REQUIRED ACTION:
Exactly the lines from the start of the entries through the line with "Discrete Wind Gust Model : Subsystem" are required in the output, with no pictures among them.

SUPPLIED INFORMATION:
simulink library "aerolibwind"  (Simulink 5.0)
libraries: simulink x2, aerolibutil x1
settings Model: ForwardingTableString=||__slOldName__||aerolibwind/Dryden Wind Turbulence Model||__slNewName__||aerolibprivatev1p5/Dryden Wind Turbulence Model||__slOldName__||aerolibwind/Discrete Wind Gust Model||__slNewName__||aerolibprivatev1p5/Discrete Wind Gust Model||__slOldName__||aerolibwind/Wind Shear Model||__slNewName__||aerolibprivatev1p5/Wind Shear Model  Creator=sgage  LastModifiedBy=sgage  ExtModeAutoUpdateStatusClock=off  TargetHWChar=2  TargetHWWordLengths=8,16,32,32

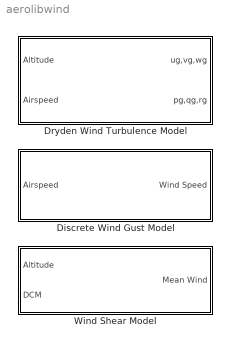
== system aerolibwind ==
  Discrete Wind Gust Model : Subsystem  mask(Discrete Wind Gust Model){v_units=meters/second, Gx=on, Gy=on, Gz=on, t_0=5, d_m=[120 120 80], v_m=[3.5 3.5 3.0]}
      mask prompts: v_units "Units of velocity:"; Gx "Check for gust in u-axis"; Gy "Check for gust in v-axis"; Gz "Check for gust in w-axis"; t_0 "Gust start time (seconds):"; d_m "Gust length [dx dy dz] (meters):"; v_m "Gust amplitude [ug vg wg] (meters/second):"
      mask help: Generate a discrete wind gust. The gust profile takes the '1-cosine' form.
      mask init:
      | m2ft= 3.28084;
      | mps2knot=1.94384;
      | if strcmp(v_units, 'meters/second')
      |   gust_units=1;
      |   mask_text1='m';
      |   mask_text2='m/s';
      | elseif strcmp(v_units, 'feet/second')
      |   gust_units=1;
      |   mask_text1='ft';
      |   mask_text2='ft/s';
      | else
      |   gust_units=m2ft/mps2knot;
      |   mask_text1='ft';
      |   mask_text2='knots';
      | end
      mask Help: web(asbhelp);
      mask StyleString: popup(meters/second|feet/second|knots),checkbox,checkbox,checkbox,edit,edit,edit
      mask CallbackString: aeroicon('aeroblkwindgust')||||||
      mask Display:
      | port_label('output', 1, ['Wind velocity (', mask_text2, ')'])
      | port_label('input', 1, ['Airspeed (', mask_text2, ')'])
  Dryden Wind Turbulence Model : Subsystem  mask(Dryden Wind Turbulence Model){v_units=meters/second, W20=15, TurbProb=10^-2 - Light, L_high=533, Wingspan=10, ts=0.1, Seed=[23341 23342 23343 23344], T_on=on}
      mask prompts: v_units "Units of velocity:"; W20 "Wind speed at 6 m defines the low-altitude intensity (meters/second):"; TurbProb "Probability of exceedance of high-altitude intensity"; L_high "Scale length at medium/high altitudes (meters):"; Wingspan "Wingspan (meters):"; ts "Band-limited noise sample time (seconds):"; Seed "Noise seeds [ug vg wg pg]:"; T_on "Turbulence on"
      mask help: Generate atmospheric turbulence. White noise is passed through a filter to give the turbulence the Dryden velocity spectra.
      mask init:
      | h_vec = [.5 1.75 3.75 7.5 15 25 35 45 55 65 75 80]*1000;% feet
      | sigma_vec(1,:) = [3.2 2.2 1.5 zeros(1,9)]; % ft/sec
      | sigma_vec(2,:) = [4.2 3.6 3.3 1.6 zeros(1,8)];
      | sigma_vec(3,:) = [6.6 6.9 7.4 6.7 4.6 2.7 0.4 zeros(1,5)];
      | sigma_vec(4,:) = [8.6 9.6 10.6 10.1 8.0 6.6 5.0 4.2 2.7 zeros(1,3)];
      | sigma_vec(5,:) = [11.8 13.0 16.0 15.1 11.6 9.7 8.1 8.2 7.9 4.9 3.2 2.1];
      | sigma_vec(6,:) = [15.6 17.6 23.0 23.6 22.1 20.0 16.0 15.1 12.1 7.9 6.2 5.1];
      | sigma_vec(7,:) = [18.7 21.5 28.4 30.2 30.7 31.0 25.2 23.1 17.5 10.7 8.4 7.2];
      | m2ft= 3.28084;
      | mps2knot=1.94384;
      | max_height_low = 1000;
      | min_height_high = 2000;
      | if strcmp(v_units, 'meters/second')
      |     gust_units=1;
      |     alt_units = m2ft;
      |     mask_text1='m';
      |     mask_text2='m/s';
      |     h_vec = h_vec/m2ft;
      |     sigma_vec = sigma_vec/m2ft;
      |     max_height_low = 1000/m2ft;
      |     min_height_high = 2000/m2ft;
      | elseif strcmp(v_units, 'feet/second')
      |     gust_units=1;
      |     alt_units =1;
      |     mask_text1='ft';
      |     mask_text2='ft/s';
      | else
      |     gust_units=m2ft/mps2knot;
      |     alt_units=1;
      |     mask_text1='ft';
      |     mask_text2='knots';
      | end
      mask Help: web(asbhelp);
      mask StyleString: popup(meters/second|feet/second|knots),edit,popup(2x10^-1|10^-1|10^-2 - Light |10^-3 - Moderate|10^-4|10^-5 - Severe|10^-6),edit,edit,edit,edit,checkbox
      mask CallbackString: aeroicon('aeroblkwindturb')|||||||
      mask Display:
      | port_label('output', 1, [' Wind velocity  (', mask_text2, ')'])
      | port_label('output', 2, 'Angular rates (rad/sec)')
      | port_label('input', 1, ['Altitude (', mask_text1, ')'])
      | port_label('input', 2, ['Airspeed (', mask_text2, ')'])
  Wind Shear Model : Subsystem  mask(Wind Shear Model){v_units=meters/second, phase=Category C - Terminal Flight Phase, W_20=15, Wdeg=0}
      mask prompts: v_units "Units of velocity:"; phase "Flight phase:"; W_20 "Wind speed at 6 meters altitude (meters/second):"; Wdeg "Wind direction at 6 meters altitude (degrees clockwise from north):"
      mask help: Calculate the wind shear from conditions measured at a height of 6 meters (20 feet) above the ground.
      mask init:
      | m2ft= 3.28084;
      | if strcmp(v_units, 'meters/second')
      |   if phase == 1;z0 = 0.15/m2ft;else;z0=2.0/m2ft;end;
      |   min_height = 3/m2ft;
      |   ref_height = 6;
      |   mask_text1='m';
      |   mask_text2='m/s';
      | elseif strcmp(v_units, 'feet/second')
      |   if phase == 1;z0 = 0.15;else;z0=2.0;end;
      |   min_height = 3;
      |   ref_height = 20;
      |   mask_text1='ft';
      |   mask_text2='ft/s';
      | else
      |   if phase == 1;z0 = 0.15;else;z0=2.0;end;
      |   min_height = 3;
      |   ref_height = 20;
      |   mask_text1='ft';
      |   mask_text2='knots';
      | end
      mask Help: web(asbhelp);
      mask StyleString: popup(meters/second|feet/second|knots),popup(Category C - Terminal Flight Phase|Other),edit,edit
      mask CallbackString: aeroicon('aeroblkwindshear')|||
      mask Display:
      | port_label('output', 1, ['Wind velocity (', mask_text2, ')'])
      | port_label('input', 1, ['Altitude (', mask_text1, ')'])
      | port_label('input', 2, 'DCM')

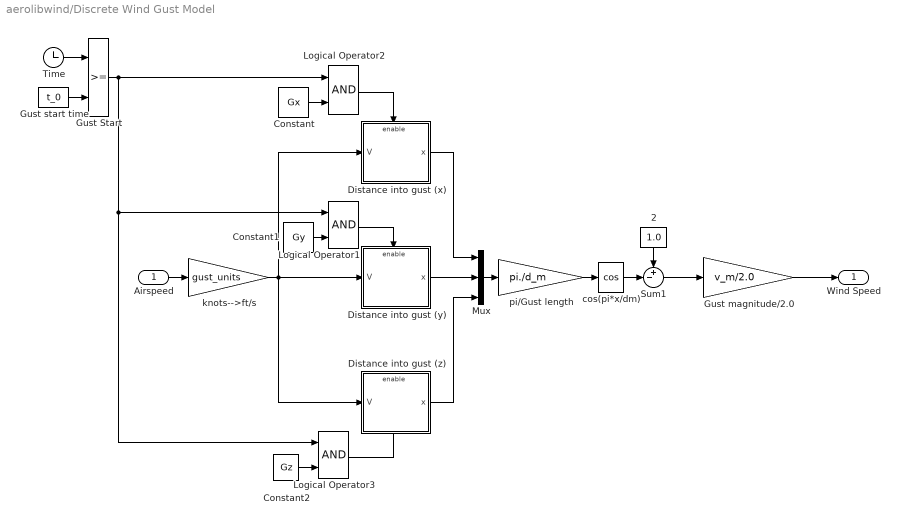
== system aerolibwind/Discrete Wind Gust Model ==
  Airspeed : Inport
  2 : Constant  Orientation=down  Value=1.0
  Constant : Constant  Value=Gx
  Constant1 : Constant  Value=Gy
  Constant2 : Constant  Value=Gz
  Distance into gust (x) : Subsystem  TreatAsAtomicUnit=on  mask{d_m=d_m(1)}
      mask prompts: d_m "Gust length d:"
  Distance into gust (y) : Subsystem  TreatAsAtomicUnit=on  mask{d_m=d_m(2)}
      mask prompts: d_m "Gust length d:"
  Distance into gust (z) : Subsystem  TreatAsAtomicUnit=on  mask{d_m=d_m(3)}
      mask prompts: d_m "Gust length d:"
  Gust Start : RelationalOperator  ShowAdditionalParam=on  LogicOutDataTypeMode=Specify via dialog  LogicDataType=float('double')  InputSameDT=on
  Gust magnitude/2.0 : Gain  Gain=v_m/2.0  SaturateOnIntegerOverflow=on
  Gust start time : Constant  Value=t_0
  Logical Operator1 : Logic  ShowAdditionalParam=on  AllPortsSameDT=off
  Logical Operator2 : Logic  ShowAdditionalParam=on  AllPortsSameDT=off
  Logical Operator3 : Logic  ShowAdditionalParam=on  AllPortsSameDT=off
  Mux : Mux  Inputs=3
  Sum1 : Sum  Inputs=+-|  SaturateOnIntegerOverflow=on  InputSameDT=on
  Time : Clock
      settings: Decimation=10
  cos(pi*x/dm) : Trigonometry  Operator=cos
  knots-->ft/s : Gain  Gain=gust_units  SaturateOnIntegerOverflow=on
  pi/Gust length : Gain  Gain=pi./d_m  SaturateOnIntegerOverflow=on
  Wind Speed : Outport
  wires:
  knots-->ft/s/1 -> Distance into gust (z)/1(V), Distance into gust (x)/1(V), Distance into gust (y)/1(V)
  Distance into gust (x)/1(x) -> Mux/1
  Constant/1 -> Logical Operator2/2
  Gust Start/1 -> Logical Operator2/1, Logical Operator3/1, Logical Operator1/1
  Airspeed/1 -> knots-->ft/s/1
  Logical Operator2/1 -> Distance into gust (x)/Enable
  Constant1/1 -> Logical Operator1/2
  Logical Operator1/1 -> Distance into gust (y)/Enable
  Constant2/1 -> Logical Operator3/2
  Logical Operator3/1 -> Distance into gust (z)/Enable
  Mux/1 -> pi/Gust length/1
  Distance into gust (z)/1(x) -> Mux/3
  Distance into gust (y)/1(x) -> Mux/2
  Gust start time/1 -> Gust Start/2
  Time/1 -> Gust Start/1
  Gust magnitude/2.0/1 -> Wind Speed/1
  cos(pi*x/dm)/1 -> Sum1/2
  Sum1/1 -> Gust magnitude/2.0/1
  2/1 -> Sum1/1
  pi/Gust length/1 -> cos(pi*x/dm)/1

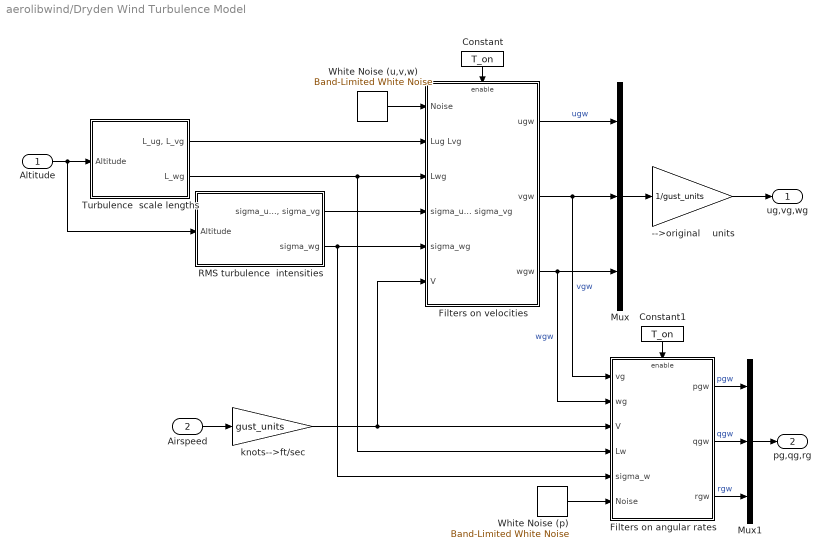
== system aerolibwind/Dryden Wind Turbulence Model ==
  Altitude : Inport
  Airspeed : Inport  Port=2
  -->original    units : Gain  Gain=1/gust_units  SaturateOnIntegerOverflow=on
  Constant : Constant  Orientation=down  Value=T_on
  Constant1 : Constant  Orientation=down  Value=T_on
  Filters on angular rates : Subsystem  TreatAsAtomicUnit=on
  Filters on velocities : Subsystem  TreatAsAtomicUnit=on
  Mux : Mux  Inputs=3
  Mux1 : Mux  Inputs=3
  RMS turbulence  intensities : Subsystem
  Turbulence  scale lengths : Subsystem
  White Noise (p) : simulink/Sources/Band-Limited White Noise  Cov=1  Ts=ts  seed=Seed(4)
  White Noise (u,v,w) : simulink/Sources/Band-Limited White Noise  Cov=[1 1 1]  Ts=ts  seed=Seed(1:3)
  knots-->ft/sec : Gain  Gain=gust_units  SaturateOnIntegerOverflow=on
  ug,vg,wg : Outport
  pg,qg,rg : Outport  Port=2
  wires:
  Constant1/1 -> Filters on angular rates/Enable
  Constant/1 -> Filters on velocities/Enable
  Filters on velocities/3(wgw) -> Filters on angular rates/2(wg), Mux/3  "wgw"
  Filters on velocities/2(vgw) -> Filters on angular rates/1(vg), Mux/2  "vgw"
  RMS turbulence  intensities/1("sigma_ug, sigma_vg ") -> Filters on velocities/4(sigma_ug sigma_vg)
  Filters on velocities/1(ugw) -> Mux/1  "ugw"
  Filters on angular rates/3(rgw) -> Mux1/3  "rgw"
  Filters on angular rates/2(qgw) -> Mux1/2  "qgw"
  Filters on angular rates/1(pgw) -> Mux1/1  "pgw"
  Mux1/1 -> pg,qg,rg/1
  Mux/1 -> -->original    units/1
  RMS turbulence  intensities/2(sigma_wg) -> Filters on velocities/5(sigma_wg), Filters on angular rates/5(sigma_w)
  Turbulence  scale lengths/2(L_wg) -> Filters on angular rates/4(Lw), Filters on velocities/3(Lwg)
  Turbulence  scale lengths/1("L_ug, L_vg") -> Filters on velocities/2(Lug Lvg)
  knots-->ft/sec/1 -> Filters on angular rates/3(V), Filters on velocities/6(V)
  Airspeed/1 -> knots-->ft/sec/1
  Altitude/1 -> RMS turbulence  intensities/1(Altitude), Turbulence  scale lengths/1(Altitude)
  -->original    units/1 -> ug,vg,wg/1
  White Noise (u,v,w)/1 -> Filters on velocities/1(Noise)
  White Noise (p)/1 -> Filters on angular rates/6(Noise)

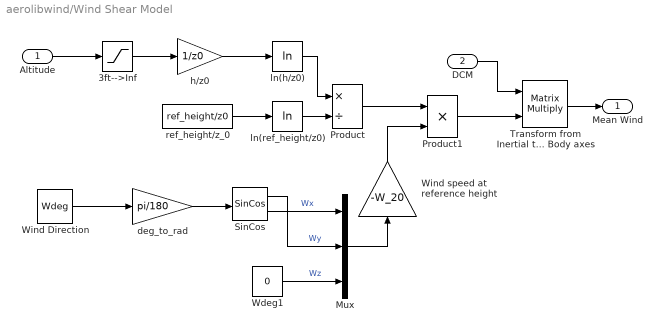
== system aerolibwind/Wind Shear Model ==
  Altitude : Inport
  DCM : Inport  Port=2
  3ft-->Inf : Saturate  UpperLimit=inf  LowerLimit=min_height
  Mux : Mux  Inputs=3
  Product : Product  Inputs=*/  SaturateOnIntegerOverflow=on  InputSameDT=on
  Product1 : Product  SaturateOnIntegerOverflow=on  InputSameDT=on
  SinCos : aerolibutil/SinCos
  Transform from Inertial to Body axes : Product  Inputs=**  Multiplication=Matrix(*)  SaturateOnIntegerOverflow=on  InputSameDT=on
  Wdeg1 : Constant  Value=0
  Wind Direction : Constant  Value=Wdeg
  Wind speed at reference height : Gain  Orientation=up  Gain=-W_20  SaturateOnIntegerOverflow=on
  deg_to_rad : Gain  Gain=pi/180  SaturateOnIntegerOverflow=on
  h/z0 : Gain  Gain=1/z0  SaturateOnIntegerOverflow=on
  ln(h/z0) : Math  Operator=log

YOUR SOLUTION:
simulink library "aerolibwind"  (Simulink 5.0)
libraries: simulink x2, aerolibutil x1
settings Model: ForwardingTableString=||__slOldName__||aerolibwind/Dryden Wind Turbulence Model||__slNewName__||aerolibprivatev1p5/Dryden Wind Turbulence Model||__slOldName__||aerolibwind/Discrete Wind Gust Model||__slNewName__||aerolibprivatev1p5/Discrete Wind Gust Model||__slOldName__||aerolibwind/Wind Shear Model||__slNewName__||aerolibprivatev1p5/Wind Shear Model  Creator=sgage  LastModifiedBy=sgage  ExtModeAutoUpdateStatusClock=off  TargetHWChar=2  TargetHWWordLengths=8,16,32,32

== system aerolibwind ==
  Discrete Wind Gust Model : Subsystem  mask(Discrete Wind Gust Model){v_units=meters/second, Gx=on, Gy=on, Gz=on, t_0=5, d_m=[120 120 80], v_m=[3.5 3.5 3.0]}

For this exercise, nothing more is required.